In the world of imagination, tree houses are meant to be places to play. Below the canopy of a protective tree, fantasy and reality transform into adventure, escape and memories. The arboretum's small village will include all the charm and fascination necessary to tweak creativity.

"The exhibit is created for parents looking to explore beyond our Children's Garden and get out on the grounds and understand a little more about the trees," Wagner said. "We considered both durability and sustainability."

Since structural concepts are being fine-tuned, the folks at the arboretum offer a sneak preview of what visitors of all ages will experience.

Each tree was carefully considered for its role. The structures are located either next to or around the tree, but are not up in the trees.

"Because the trees are part of our collection, nothing is attached to a tree, penetrates a tree or harms a tree in any way," Wagner said. "The head of our curator of trees collection helped determine the placement of the structures so they will not harm the roots."

These were similar requirements for a popular tree house art exhibit at the arboretum in 2004. However, this time the concepts all originate from the arboretum's staff and are designed to tell the tree's unique story.

The largest tree among those selected is a Bur Oak, Quercus macrocarpa, that has a thick furrowed bark. Its extensive root system keeps other trees at a distance. It is often found as a solitary tree on a hillside or prairie. The Bur Oak clubhouse, complete with a secret entrance, will feel like a hideaway that Wagner describes as similar to a "Little Rascal's club house."

Known as the tallest tree by American colonists, the Eastern White Pine, Pinus strobes, can reach heights of 150 feet. A white pine was on the first New England flag. The tree's height, light weight and straight central trunk made it a good source for ship masts.

Colonists were outraged when the King of England reserved the largest white pine trees for the crown. By 1774, shipments of white pine logs to England were halted. The concept tree house at the arboretum for this pine will resemble a ship.

The third tree selected is the Empress Tree, Paulownia tomentosa. This deciduous tree is native to China, where an old custom recommends planting one when a baby girl is born. The Empress tree is a good selection for a tree house castle since it was named for Queen Anna Pavlovna of the Netherlands.

The White Oak, Quercus alba, was the tree used often on the American frontier for log houses because it offered long, straight and rot-resistant logs.

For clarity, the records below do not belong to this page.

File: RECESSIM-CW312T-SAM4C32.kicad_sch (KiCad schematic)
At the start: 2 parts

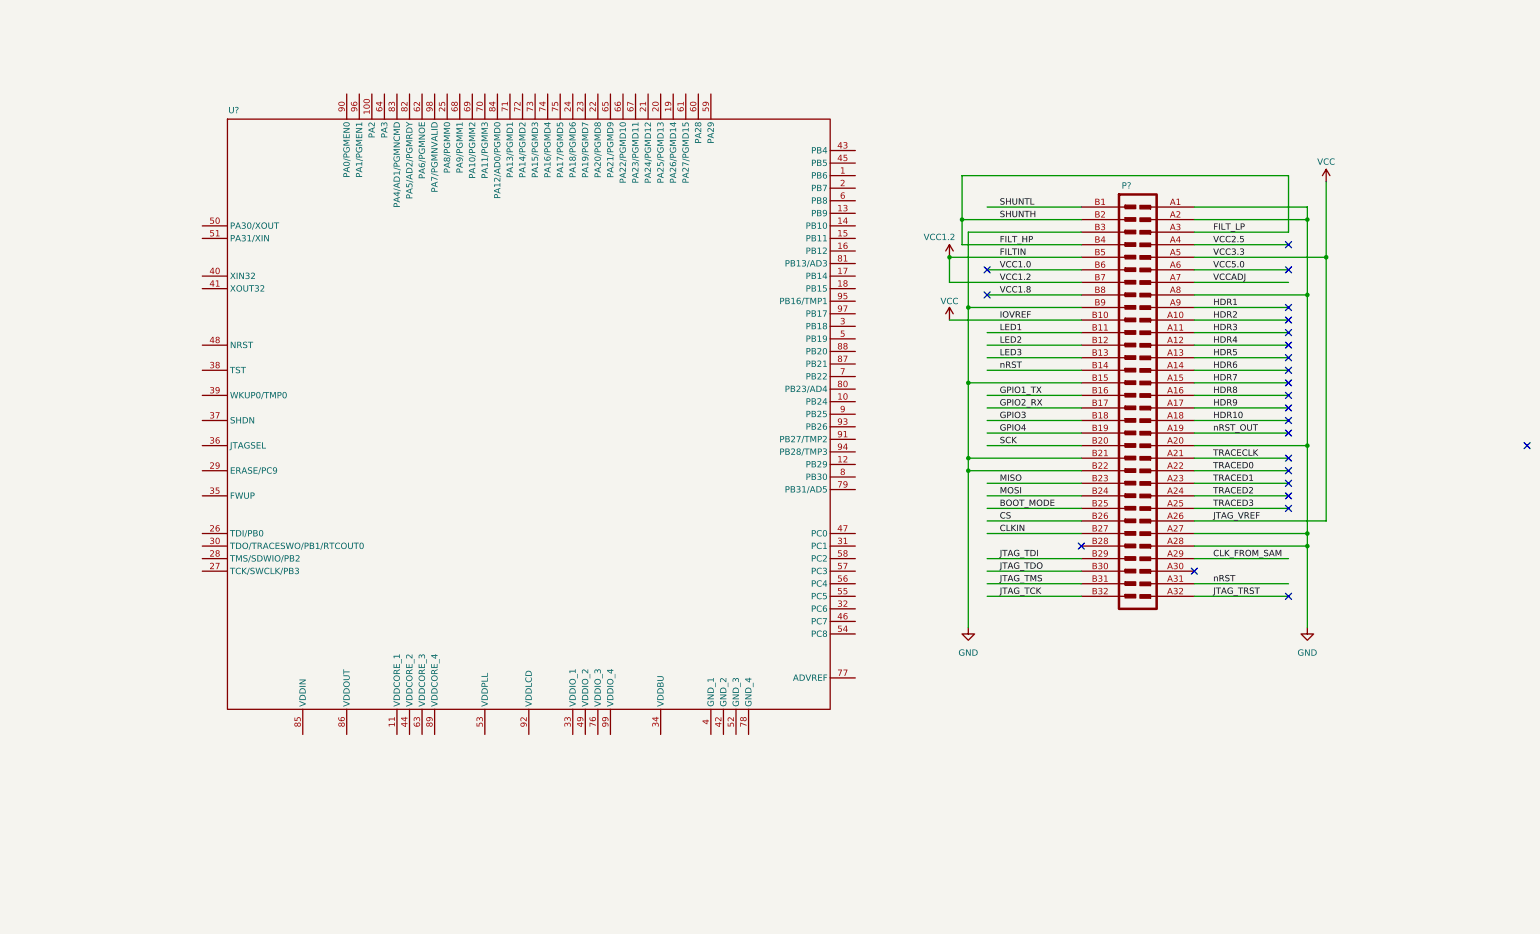
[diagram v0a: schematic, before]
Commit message: Added test points, power and JTAG connections
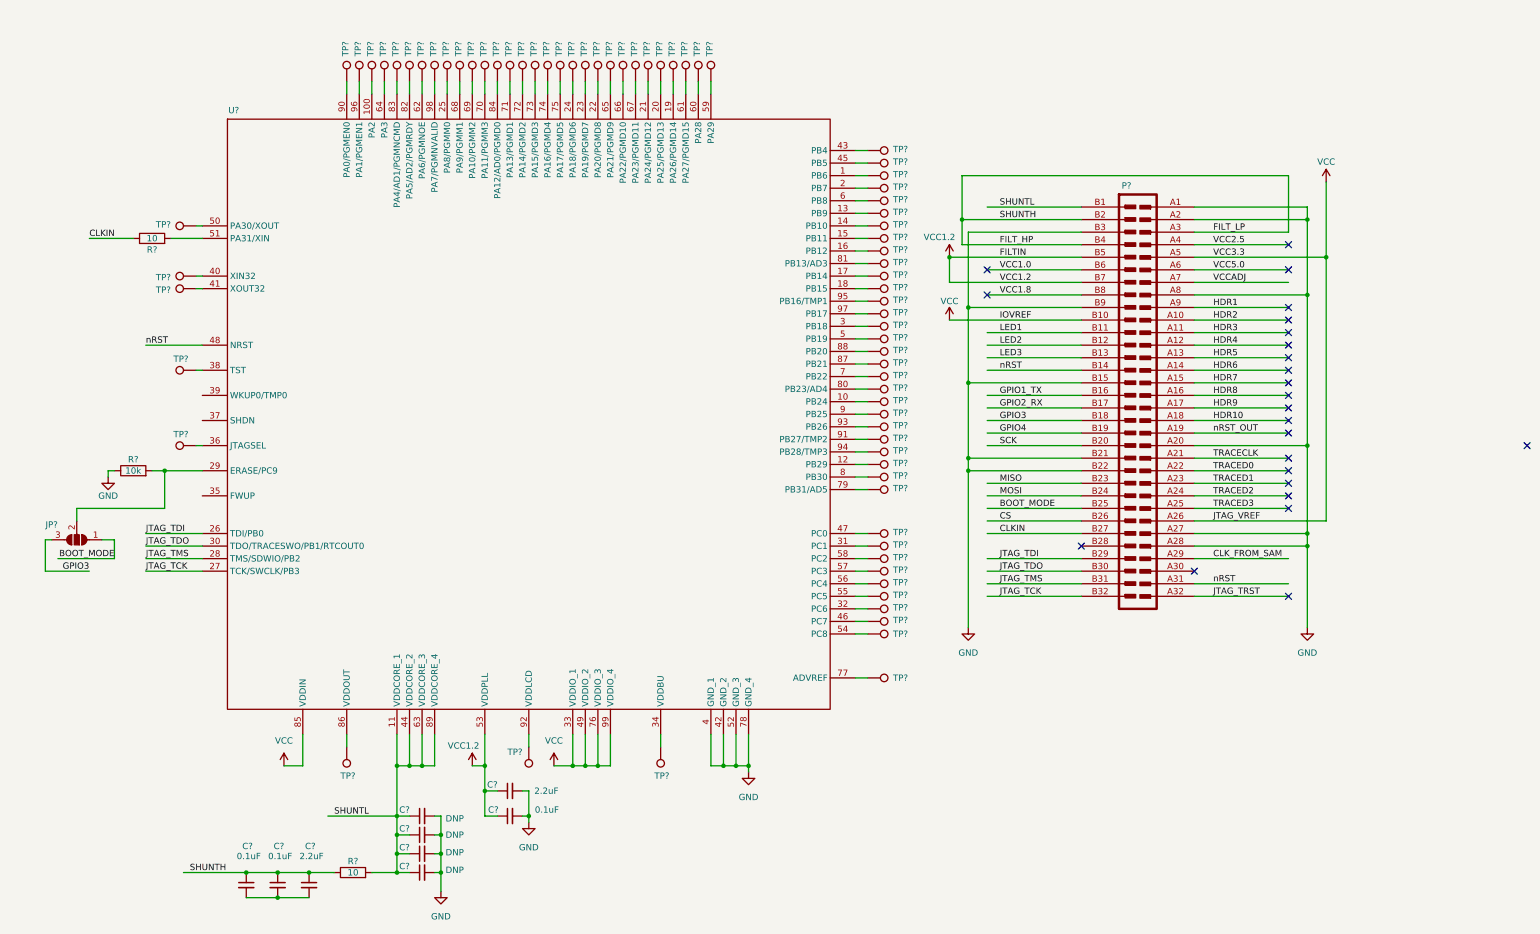
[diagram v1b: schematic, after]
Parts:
- added C? (x3): 0.1uF, symbol Device:C_Small
- added C? (x4): DNP, symbol Device:C_Small
- added C? (x2): 2.2uF, symbol Device:C_Small
- added JP?: SolderJumper_3_Open, symbol Jumper:SolderJumper_3_Open
- added R? (x2): 10, symbol Device:R
- added R?: 10k, symbol Device:R
- added TP? (x76): TestPoint, symbol Connector:TestPoint
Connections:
- net BOOT_MODE: now also JP?.1 (A)
- net CLKIN: now also R?.1
- net FILT_HP: now also C?.1, C?.1, C?.1, R?.1
- net GND: now also U?.4 (GND_1), U?.42 (GND_2), U?.52 (GND_3), U?.78 (GND_4), C?.2, C?.2, C?.2, C?.2, C?.2, C?.2, R?.1
- net GPIO3: now also JP?.3 (B)
- net JTAG_TCK: now also U?.27 (TCK/SWCLK/PB3)
- net JTAG_TDI: now also U?.26 (TDI/PB0)
- net JTAG_TDO: now also U?.30 (TDO/TRACESWO/PB1/RTCOUT0)
- net JTAG_TMS: now also U?.28 (TMS/SDWIO/PB2)
- net SHUNTL: now also U?.11 (VDDCORE_1), U?.44 (VDDCORE_2), U?.63 (VDDCORE_3), U?.89 (VDDCORE_4), C?.1, C?.1, C?.1, C?.1, R?.2
- net VCC: now also U?.33 (VDDIO_1), U?.49 (VDDIO_2), U?.76 (VDDIO_3), U?.85 (VDDIN), U?.99 (VDDIO_4)
- net VCC1.2: now also U?.53 (VDDPLL), C?.1, C?.1
- net nRST: now also U?.48 (NRST)
- net at U?.1 (PB6): now also TP?.1
- net at U?.10 (PB24): now also TP?.1
- net at U?.100 (PA2): now also TP?.1
- net at U?.12 (PB29): now also TP?.1
- net at U?.13 (PB9): now also TP?.1
- net at U?.14 (PB10): now also TP?.1
- net at U?.15 (PB11): now also TP?.1
- net at U?.16 (PB12): now also TP?.1
- net at U?.17 (PB14): now also TP?.1
- net at U?.18 (PB15): now also TP?.1
- net at U?.19 (PA26/PGMD14): now also TP?.1
- net at U?.2 (PB7): now also TP?.1
- net at U?.20 (PA25/PGMD13): now also TP?.1
- net at U?.21 (PA24/PGMD12): now also TP?.1
- net at U?.22 (PA20/PGMD8): now also TP?.1
- net at U?.23 (PA19/PGMD7): now also TP?.1
- net at U?.24 (PA18/PGMD6): now also TP?.1
- net at U?.25 (PA8/PGMM0): now also TP?.1
- net at U?.29 (ERASE/PC9): now also JP?.2 (C), R?.2
- net at U?.3 (PB18): now also TP?.1
- net at U?.31 (PC1): now also TP?.1
- net at U?.32 (PC6): now also TP?.1
- net at U?.34 (VDDBU): now also TP?.1
- net at U?.36 (JTAGSEL): now also TP?.1
- net at U?.38 (TST): now also TP?.1
- net at U?.40 (XIN32): now also TP?.1
- net at U?.41 (XOUT32): now also TP?.1
- net at U?.43 (PB4): now also TP?.1
- net at U?.45 (PB5): now also TP?.1
- net at U?.46 (PC7): now also TP?.1
- net at U?.47 (PC0): now also TP?.1
- net at U?.5 (PB19): now also TP?.1
- net at U?.50 (PA30/XOUT): now also TP?.1
- net at U?.51 (PA31/XIN): now also R?.2
- net at U?.54 (PC8): now also TP?.1
- net at U?.55 (PC5): now also TP?.1
- net at U?.56 (PC4): now also TP?.1
- net at U?.57 (PC3): now also TP?.1
- net at U?.58 (PC2): now also TP?.1
- net at U?.59 (PA29): now also TP?.1
- net at U?.6 (PB8): now also TP?.1
- net at U?.60 (PA28): now also TP?.1
- net at U?.61 (PA27/PGMD15): now also TP?.1
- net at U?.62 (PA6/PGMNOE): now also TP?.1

Audiences will find a simple log cabin as a familiar choice for the arboretum's tree house structure.

With its amusing name, the Cherokee Princess Flowering Dogwood, Cornus florida Cherokee Princess, will offer tiny children spaces to crawl through for a great photo-op for parents, Wagner said. People may think the term dogwood comes from the canine world, but rather it is from the root word "dag," which refers to the tree's dense, hard wood that does not crack under pressure. This tree's wood was used to make sturdy arrows for early Americans.

The sixth tree featured in "Tree House Tales," is the prevalent Silver maple, Acer saccharinum. This maple acts as a factory, using the sun's energy to convert carbon dioxide and water into oxygen and sugar. The tree house tale will depict this function of the silver maple. Children find the silver maple's winged seeds great fun to toss in the air and watch each spin to the ground. The abundant seeds a maple provides are food for small animals and birds.

In 2013, "Tree House Tales" will phase-in four additional tree houses, including a Linden, American elm, White ash and a second Silver maple tree.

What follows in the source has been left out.